NASA's Perseverance to attempt second Mars soil scoop, hoping rocks don't 'crumble':

NASA's Perseverance rover will drive to a new location in the coming weeks to drill for its first Mars soil sample, scientists say, weeks after the robot's first attempt resulted in an empty sample tube.

[...] Now the rover, a science lab on wheels that landed on Mars in February, will drive to a new location called Citadelle for a second shot at picking up its first rock sample. This time, to make sure a sample is actually collected, engineers will wait for images of the sample tube to come back before it gets processed and stowed inside the rover’s belly.

“We were just super excited that the hardware worked from beginning to end without any faults. And then there was that surprise — ‘No sample? What do you mean no sample?’,” Louise Jandura, the Chief Engineer for Sampling & Caching on NASA’s Perseverance team, says of the first attempt on August 5th. “So quickly, after that sunk in, we started to do the investigation.”

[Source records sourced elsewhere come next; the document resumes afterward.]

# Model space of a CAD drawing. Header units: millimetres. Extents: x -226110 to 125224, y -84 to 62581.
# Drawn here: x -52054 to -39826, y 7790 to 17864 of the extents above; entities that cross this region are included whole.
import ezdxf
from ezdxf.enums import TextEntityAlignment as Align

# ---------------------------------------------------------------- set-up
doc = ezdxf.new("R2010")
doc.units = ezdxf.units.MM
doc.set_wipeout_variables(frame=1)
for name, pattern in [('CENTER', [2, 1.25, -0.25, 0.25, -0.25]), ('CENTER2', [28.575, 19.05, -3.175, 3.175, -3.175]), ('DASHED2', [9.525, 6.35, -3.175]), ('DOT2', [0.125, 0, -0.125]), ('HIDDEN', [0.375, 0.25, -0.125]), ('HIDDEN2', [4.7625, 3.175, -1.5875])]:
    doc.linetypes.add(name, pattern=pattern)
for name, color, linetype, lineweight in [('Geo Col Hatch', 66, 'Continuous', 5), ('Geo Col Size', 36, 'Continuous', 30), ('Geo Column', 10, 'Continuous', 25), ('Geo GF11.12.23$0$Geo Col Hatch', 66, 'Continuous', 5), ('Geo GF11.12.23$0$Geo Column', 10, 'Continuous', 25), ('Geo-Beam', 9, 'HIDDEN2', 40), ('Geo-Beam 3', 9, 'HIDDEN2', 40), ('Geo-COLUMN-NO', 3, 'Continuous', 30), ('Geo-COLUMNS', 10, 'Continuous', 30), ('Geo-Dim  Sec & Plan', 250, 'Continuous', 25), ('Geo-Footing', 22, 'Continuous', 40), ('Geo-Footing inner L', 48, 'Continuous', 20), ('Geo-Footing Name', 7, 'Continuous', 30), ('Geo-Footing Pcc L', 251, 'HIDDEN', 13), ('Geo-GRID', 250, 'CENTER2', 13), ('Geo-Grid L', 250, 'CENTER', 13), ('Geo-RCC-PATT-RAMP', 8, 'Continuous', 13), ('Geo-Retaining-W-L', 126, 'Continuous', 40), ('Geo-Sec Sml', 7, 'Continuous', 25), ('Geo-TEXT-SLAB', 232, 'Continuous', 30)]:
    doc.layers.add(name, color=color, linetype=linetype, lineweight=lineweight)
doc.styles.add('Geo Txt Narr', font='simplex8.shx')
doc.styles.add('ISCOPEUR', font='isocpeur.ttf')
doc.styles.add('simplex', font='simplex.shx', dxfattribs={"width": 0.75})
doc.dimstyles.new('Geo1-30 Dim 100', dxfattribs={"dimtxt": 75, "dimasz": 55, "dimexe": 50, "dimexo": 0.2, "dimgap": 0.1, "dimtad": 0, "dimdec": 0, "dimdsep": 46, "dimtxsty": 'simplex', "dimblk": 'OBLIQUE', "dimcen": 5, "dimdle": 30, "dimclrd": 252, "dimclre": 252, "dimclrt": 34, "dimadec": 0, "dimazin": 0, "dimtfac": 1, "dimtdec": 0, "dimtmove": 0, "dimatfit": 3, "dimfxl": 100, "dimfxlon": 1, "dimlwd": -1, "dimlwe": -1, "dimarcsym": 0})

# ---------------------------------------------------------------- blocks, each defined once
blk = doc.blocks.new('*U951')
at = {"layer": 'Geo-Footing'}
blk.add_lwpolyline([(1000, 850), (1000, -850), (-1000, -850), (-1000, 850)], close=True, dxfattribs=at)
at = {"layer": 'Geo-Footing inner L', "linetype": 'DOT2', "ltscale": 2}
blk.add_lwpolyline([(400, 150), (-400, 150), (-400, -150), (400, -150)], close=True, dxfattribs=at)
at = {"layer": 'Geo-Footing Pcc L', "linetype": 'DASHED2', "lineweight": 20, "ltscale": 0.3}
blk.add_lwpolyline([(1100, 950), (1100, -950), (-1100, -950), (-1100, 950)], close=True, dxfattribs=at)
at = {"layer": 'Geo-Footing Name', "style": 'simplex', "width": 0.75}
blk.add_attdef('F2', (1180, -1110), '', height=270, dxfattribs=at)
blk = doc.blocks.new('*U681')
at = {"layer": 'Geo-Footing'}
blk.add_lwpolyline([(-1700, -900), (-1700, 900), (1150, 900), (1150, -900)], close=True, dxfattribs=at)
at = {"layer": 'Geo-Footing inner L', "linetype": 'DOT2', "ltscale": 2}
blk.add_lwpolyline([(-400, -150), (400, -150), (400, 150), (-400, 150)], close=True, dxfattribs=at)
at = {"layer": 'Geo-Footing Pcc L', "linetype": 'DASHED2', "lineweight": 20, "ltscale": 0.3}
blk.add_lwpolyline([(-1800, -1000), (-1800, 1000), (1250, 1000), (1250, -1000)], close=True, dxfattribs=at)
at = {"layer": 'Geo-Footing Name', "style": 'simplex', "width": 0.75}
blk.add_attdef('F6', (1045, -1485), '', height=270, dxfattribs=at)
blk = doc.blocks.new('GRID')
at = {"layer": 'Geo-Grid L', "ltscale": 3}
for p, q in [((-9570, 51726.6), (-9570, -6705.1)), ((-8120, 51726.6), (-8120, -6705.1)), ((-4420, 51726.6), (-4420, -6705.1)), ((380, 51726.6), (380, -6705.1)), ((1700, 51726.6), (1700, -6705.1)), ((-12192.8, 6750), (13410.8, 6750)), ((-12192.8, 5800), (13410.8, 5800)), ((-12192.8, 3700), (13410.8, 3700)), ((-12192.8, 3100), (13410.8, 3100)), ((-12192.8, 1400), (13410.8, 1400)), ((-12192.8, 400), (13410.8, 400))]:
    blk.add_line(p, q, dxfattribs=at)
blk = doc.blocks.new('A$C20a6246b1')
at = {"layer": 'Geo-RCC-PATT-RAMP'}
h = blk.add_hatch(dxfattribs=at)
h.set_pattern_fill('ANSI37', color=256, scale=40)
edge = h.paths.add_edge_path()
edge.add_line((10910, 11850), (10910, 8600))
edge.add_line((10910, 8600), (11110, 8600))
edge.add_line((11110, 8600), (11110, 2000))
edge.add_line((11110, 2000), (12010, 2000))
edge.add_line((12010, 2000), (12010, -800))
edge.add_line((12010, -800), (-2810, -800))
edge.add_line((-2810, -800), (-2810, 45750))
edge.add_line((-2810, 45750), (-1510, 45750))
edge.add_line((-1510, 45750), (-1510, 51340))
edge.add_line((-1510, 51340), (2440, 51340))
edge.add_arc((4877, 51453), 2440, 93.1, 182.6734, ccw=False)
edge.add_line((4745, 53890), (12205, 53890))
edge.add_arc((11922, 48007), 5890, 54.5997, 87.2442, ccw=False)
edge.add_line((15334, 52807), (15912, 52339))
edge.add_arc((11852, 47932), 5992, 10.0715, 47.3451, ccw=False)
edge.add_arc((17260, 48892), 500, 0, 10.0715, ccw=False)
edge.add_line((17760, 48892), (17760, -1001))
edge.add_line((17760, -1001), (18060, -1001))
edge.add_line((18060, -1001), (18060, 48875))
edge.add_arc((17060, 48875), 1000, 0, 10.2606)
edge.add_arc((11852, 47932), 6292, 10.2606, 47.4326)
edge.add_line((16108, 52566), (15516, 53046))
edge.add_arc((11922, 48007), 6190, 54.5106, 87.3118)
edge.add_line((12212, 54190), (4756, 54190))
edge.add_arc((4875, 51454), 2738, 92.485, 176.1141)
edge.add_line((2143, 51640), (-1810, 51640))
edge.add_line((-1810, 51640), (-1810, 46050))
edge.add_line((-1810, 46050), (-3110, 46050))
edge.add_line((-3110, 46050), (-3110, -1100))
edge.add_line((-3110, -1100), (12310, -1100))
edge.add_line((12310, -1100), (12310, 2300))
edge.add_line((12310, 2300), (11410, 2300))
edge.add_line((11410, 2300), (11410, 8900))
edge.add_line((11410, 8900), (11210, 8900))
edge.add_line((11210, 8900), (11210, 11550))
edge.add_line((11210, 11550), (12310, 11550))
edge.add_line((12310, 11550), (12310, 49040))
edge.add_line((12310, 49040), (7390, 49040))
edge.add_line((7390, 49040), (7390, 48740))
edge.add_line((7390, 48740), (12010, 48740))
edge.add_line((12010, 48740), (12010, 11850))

The rock that Perseverance’s sampling drill bit dug into wasn’t as sturdy as scientists thought it’d be. What was supposed to be a fairly solid rock core turned out to be a crumbly powder that slipped out of the rover’s sampling tube. After finding the sample tube was empty, mission staff used the rover’s cameras to analyze remnants of the hole that Perseverance drilled. They figured the mound of dust around the hole and some material at the bottom of the hole were what slipped out.

“The rock simply wasn’t our kind of rock,” Jennifer Trosper, Project Manager at NASA’s Jet Propulsion Laboratory, wrote in a blog post on Thursday. “Although we had successfully acquired over 100 cores in a range of different test rocks on Earth, we had not encountered a rock in our test suite that behaved in quite this manner.”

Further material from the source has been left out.